> _The task_: Take the whole listing and reproduce it exactly, pictures excepted.

╭──

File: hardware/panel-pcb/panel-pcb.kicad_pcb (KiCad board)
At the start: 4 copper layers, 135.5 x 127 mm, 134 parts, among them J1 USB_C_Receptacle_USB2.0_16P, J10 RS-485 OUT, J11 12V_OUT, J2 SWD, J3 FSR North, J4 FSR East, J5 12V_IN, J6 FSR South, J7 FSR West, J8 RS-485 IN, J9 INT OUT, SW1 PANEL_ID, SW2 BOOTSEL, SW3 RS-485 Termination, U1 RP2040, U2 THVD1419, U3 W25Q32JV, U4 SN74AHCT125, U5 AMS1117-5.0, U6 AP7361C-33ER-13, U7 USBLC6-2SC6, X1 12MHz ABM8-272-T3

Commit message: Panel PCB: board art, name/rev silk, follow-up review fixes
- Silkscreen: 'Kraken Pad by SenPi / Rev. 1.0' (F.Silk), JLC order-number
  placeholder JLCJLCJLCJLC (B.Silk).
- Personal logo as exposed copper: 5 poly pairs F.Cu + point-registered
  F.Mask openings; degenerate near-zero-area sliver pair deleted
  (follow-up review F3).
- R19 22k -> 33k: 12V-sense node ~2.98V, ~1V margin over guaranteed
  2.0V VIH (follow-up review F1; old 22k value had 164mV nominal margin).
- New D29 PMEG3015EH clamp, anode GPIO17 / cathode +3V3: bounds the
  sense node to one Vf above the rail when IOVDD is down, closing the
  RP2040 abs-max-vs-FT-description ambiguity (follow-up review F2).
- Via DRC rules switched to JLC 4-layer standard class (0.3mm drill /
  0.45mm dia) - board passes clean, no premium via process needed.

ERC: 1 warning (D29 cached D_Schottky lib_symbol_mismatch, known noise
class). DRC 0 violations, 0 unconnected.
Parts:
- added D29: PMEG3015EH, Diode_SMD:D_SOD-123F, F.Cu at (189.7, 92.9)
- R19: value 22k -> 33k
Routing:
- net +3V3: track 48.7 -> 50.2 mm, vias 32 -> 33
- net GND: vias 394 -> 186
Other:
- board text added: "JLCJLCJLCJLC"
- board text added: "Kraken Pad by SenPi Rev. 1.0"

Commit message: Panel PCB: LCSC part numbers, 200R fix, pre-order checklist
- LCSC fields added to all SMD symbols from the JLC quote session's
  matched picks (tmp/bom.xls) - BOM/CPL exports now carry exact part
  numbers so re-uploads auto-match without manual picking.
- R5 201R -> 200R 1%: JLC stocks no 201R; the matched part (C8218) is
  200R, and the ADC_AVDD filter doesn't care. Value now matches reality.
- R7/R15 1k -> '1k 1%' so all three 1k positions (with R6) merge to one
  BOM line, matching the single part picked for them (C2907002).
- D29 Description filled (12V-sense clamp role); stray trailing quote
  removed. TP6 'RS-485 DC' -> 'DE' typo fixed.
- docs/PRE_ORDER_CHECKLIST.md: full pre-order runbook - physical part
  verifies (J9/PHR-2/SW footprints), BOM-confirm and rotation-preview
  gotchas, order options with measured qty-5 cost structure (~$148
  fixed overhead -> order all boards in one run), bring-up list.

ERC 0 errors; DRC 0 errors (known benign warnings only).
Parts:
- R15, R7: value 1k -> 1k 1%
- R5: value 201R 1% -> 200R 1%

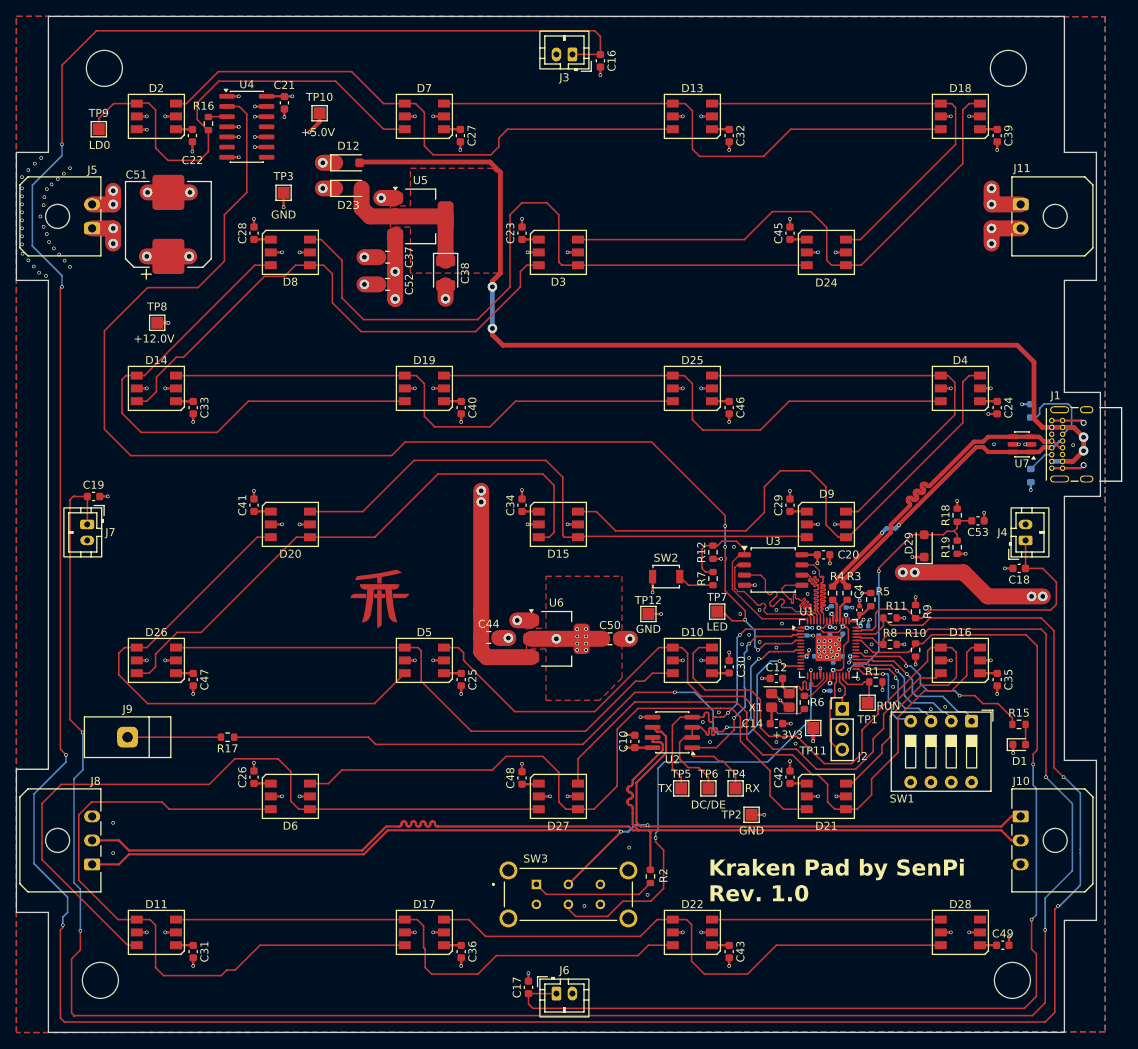
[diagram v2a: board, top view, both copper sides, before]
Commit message: README: AI disclosure section; Panel PCB: via update
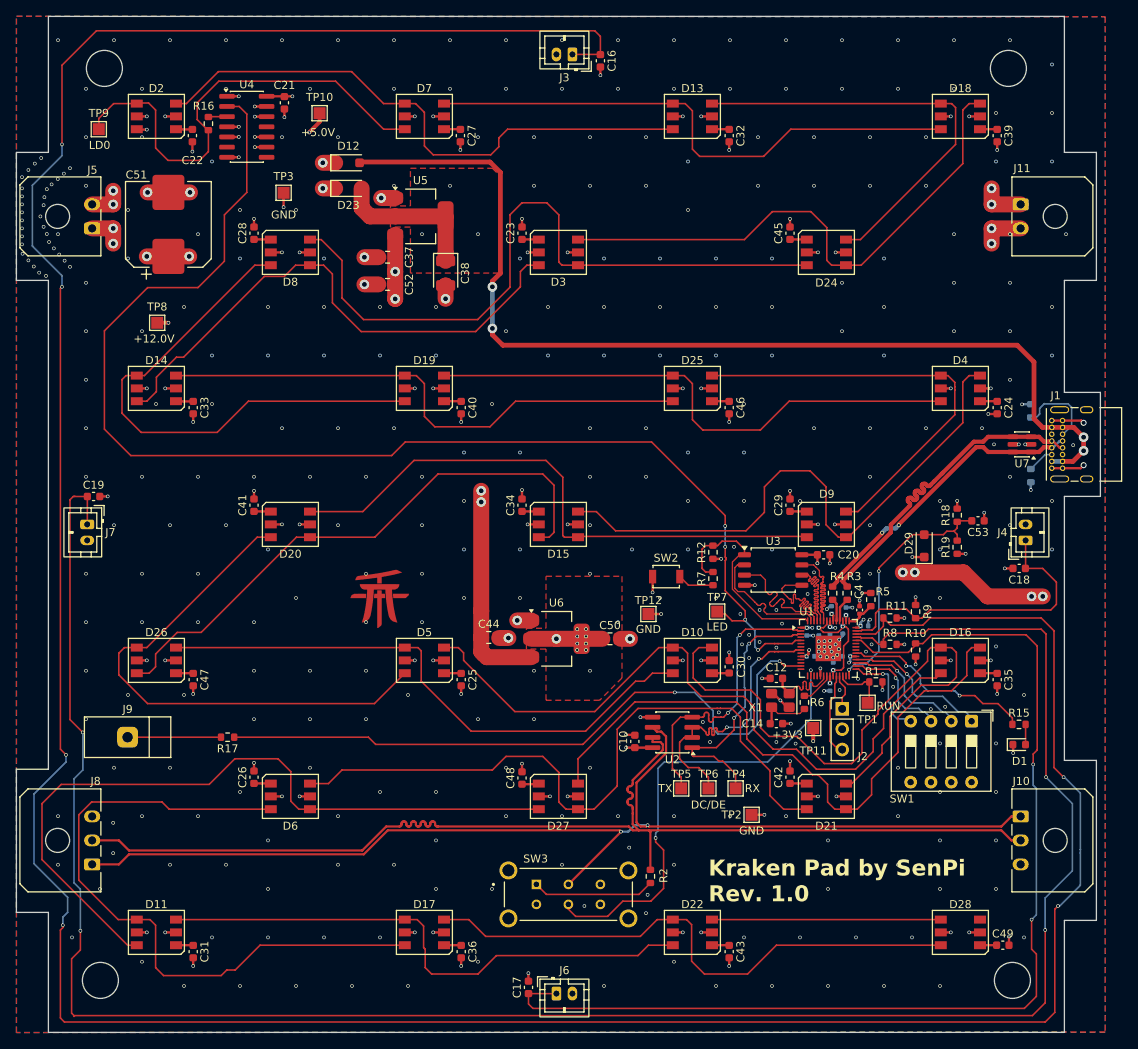
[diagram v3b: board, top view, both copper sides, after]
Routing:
- net GND: vias 186 -> 463

╰──

> _Exercise result_:
File: hardware/panel-pcb/panel-pcb.kicad_pcb (KiCad board)
At the start: 4 copper layers, 135.5 x 127 mm, 134 parts, among them J1 USB_C_Receptacle_USB2.0_16P, J10 RS-485 OUT, J11 12V_OUT, J2 SWD, J3 FSR North, J4 FSR East, J5 12V_IN, J6 FSR South, J7 FSR West, J8 RS-485 IN, J9 INT OUT, SW1 PANEL_ID, SW2 BOOTSEL, SW3 RS-485 Termination, U1 RP2040, U2 THVD1419, U3 W25Q32JV, U4 SN74AHCT125, U5 AMS1117-5.0, U6 AP7361C-33ER-13, U7 USBLC6-2SC6, X1 12MHz ABM8-272-T3

Commit message: Panel PCB: board art, name/rev silk, follow-up review fixes
- Silkscreen: 'Kraken Pad by SenPi / Rev. 1.0' (F.Silk), JLC order-number
  placeholder JLCJLCJLCJLC (B.Silk).
- Personal logo as exposed copper: 5 poly pairs F.Cu + point-registered
  F.Mask openings; degenerate near-zero-area sliver pair deleted
  (follow-up review F3).
- R19 22k -> 33k: 12V-sense node ~2.98V, ~1V margin over guaranteed
  2.0V VIH (follow-up review F1; old 22k value had 164mV nominal margin).
- New D29 PMEG3015EH clamp, anode GPIO17 / cathode +3V3: bounds the
  sense node to one Vf above the rail when IOVDD is down, closing the
  RP2040 abs-max-vs-FT-description ambiguity (follow-up review F2).
- Via DRC rules switched to JLC 4-layer standard class (0.3mm drill /
  0.45mm dia) - board passes clean, no premium via process needed.

ERC: 1 warning (D29 cached D_Schottky lib_symbol_mismatch, known noise
class). DRC 0 violations, 0 unconnected.
Parts:
- added D29: PMEG3015EH, Diode_SMD:D_SOD-123F, F.Cu at (189.7, 92.9)
- R19: value 22k -> 33k
Routing:
- net +3V3: track 48.7 -> 50.2 mm, vias 32 -> 33
- net GND: vias 394 -> 186
Other:
- board text added: "JLCJLCJLCJLC"
- board text added: "Kraken Pad by SenPi Rev. 1.0"

Commit message: Panel PCB: LCSC part numbers, 200R fix, pre-order checklist
- LCSC fields added to all SMD symbols from the JLC quote session's
  matched picks (tmp/bom.xls) - BOM/CPL exports now carry exact part
  numbers so re-uploads auto-match without manual picking.
- R5 201R -> 200R 1%: JLC stocks no 201R; the matched part (C8218) is
  200R, and the ADC_AVDD filter doesn't care. Value now matches reality.
- R7/R15 1k -> '1k 1%' so all three 1k positions (with R6) merge to one
  BOM line, matching the single part picked for them (C2907002).
- D29 Description filled (12V-sense clamp role); stray trailing quote
  removed. TP6 'RS-485 DC' -> 'DE' typo fixed.
- docs/PRE_ORDER_CHECKLIST.md: full pre-order runbook - physical part
  verifies (J9/PHR-2/SW footprints), BOM-confirm and rotation-preview
  gotchas, order options with measured qty-5 cost structure (~$148
  fixed overhead -> order all boards in one run), bring-up list.

ERC 0 errors; DRC 0 errors (known benign warnings only).
Parts:
- R15, R7: value 1k -> 1k 1%
- R5: value 201R 1% -> 200R 1%

[diagram v2a: board, top view, both copper sides, before]
Commit message: README: AI disclosure section; Panel PCB: via update
[diagram v3b: board, top view, both copper sides, after]
Routing:
- net GND: vias 186 -> 463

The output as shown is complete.